— EXERCISE BRIEF —
Begin at the line containing "air_cp = 1004" in the data below and go on through the line containing "air_HC_min = 10", repeating each line exactly; include both ends and no other line.

— ENTRIES SUPPLIED —
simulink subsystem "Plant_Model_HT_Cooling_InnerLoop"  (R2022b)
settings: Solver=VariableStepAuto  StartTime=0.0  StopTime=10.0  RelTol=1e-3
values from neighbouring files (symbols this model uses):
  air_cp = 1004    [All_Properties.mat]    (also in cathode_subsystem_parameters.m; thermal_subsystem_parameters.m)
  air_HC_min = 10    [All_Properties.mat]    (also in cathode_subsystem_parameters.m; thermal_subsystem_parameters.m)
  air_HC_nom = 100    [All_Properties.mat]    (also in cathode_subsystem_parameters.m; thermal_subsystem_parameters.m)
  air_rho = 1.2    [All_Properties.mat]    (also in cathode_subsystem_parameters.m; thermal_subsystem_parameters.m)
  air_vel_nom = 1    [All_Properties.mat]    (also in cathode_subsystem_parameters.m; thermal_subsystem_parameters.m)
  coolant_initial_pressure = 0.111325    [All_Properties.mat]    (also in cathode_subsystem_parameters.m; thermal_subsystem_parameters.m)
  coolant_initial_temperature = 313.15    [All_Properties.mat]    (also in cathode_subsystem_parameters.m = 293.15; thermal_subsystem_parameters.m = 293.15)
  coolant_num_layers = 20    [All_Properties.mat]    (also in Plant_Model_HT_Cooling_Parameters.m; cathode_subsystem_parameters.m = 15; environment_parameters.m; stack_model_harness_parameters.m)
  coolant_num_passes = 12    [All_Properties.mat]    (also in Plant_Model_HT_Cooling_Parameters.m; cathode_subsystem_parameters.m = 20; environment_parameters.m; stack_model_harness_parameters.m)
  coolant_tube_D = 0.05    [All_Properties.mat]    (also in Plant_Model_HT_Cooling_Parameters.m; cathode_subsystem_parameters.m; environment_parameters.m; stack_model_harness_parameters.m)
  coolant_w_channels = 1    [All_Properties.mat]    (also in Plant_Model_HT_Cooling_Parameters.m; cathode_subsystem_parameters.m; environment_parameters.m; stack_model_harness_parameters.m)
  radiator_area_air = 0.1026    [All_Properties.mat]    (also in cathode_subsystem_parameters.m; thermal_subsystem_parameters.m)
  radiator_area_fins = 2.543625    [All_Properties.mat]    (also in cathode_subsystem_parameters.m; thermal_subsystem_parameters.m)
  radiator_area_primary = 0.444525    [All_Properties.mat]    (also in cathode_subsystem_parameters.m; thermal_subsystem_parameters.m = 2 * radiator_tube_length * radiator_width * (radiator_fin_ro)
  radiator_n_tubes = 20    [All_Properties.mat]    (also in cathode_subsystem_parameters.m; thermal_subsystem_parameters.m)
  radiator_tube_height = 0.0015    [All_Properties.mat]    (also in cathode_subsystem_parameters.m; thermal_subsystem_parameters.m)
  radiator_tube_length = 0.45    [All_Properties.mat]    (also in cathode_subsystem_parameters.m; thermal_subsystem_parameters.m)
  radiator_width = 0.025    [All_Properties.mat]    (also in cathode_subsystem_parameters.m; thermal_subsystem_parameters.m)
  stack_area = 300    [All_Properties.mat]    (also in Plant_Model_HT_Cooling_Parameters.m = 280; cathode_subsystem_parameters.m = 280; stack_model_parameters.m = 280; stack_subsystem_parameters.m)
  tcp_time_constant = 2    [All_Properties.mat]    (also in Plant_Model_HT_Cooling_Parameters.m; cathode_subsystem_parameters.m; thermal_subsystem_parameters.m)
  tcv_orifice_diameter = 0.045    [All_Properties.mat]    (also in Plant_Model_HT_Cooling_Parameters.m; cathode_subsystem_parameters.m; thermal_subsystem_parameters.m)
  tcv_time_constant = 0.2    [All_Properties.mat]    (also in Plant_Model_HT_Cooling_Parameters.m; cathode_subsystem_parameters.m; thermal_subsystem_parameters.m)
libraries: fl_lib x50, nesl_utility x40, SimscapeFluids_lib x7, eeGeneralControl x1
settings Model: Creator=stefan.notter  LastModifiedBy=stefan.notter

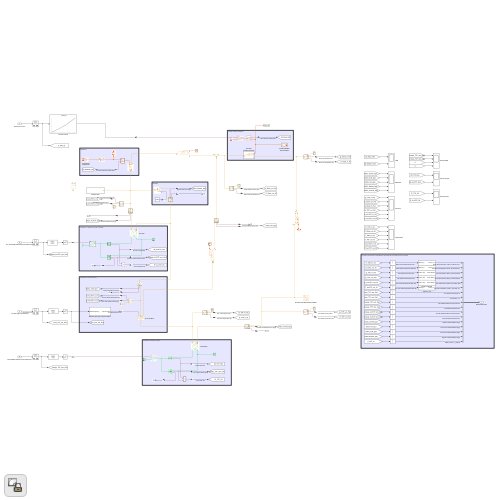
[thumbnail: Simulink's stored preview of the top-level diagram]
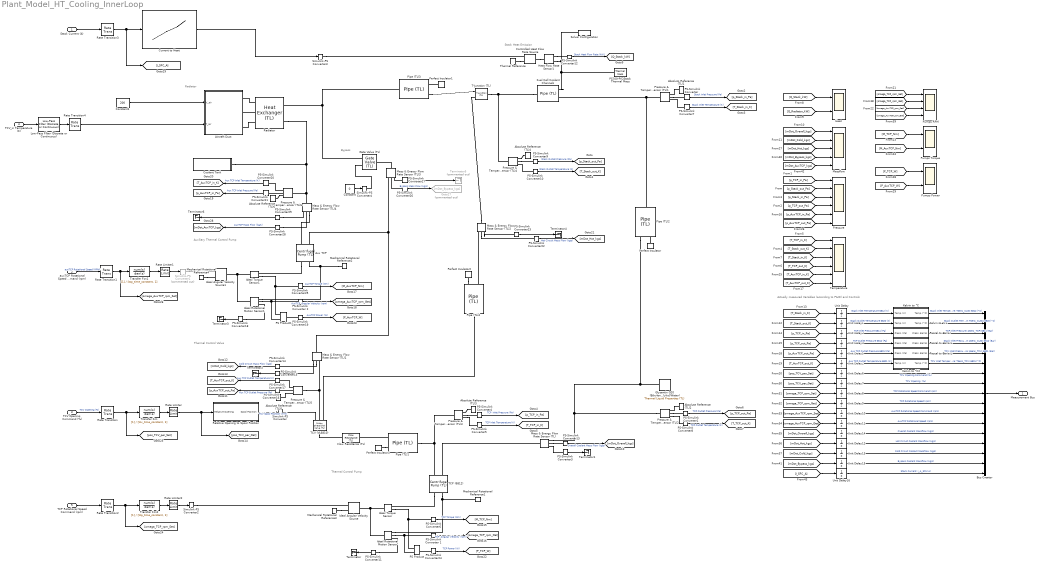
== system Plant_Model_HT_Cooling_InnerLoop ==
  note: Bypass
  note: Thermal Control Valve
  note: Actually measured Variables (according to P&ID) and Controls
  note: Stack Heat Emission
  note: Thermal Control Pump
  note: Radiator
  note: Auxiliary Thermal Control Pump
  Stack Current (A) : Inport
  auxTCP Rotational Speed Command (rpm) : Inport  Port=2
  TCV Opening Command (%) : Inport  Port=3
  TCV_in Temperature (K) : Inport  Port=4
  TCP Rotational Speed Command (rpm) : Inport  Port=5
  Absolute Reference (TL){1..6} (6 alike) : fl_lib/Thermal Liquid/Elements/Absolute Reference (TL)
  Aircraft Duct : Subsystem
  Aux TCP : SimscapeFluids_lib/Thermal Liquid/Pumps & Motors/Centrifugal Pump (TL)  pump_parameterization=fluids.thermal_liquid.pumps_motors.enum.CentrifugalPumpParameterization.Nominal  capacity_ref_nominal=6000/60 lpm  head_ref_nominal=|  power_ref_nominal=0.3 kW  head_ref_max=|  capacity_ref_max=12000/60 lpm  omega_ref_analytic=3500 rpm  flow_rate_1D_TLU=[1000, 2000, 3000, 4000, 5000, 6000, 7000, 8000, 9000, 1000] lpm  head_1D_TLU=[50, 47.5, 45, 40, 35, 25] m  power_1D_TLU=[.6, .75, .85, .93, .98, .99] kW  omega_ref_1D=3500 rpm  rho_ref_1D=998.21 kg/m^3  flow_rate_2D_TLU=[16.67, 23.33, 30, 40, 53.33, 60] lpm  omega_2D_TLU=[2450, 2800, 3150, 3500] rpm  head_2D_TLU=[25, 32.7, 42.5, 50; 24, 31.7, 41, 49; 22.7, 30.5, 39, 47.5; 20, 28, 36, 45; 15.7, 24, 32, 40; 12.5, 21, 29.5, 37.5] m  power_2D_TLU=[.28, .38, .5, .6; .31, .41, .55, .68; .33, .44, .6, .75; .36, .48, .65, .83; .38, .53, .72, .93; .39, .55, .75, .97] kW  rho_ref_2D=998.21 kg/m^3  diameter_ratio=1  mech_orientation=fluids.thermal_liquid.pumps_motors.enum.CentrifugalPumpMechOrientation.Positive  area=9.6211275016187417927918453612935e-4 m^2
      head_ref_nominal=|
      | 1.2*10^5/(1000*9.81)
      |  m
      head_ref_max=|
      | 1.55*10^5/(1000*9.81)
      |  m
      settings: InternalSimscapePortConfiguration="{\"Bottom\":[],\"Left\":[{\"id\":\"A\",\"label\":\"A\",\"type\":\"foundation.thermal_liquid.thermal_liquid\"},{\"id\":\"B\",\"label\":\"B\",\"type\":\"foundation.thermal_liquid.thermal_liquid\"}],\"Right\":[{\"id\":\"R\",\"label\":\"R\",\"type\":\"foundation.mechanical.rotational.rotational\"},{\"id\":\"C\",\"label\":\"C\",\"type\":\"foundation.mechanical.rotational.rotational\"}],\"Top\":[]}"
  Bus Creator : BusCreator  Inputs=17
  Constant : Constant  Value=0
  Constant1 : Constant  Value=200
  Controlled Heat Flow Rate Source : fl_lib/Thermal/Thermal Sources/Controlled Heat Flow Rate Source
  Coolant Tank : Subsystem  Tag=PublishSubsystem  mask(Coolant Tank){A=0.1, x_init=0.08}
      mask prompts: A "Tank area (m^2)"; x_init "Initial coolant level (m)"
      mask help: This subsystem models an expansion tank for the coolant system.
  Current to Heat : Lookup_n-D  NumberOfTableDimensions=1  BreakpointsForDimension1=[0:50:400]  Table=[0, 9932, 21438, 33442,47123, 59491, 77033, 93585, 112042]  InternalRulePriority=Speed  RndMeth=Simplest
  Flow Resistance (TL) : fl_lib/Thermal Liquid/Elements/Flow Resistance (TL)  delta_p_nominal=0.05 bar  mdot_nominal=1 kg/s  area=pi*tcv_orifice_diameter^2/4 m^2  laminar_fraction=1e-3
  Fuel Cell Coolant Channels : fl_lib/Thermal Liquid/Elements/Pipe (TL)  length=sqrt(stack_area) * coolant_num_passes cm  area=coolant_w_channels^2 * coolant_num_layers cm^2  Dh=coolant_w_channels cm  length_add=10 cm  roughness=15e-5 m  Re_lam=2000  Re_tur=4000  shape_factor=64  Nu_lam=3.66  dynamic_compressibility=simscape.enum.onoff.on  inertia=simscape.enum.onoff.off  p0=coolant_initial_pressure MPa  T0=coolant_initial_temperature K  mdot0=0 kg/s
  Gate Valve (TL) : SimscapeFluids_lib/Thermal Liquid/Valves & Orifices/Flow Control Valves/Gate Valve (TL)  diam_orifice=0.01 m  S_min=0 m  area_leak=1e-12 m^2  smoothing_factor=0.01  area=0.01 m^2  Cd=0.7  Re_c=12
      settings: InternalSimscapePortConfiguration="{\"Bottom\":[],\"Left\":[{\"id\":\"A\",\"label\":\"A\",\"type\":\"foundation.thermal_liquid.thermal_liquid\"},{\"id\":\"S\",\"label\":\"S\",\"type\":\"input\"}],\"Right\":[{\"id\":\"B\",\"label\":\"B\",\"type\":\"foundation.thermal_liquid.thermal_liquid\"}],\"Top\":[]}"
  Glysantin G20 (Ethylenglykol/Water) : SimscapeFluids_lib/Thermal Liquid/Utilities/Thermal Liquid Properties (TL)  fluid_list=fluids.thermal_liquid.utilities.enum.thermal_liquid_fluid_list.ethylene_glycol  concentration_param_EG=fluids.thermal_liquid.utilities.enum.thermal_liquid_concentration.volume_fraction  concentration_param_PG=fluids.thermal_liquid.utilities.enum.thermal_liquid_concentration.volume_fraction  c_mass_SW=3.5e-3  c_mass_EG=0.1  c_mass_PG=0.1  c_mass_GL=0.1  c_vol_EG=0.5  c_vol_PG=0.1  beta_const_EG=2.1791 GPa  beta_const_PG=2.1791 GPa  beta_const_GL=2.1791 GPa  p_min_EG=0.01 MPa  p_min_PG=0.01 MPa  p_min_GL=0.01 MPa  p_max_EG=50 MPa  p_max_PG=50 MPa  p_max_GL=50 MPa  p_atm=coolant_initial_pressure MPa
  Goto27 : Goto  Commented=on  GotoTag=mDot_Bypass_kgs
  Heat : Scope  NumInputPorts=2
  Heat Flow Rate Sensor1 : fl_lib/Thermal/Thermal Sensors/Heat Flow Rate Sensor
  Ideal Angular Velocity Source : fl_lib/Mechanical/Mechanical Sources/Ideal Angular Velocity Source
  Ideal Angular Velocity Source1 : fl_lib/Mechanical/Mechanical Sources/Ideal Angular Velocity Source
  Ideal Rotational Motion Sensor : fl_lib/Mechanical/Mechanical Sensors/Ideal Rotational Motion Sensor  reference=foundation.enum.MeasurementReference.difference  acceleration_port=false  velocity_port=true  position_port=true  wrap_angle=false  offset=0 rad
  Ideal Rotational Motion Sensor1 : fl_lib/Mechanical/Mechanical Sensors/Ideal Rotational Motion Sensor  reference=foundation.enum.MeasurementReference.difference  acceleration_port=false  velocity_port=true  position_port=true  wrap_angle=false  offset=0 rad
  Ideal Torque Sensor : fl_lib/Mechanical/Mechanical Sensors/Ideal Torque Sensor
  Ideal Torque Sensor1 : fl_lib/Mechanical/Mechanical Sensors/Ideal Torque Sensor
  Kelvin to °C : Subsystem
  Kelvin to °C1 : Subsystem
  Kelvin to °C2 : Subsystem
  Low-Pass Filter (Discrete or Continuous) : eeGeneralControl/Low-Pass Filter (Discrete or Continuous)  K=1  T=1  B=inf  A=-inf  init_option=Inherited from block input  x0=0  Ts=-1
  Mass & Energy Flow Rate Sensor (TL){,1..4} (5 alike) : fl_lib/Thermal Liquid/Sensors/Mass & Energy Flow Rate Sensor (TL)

— RESULT BELOW —
  air_cp = 1004    [All_Properties.mat]    (also in cathode_subsystem_parameters.m; thermal_subsystem_parameters.m)
  air_HC_min = 10    [All_Properties.mat]    (also in cathode_subsystem_parameters.m; thermal_subsystem_parameters.m)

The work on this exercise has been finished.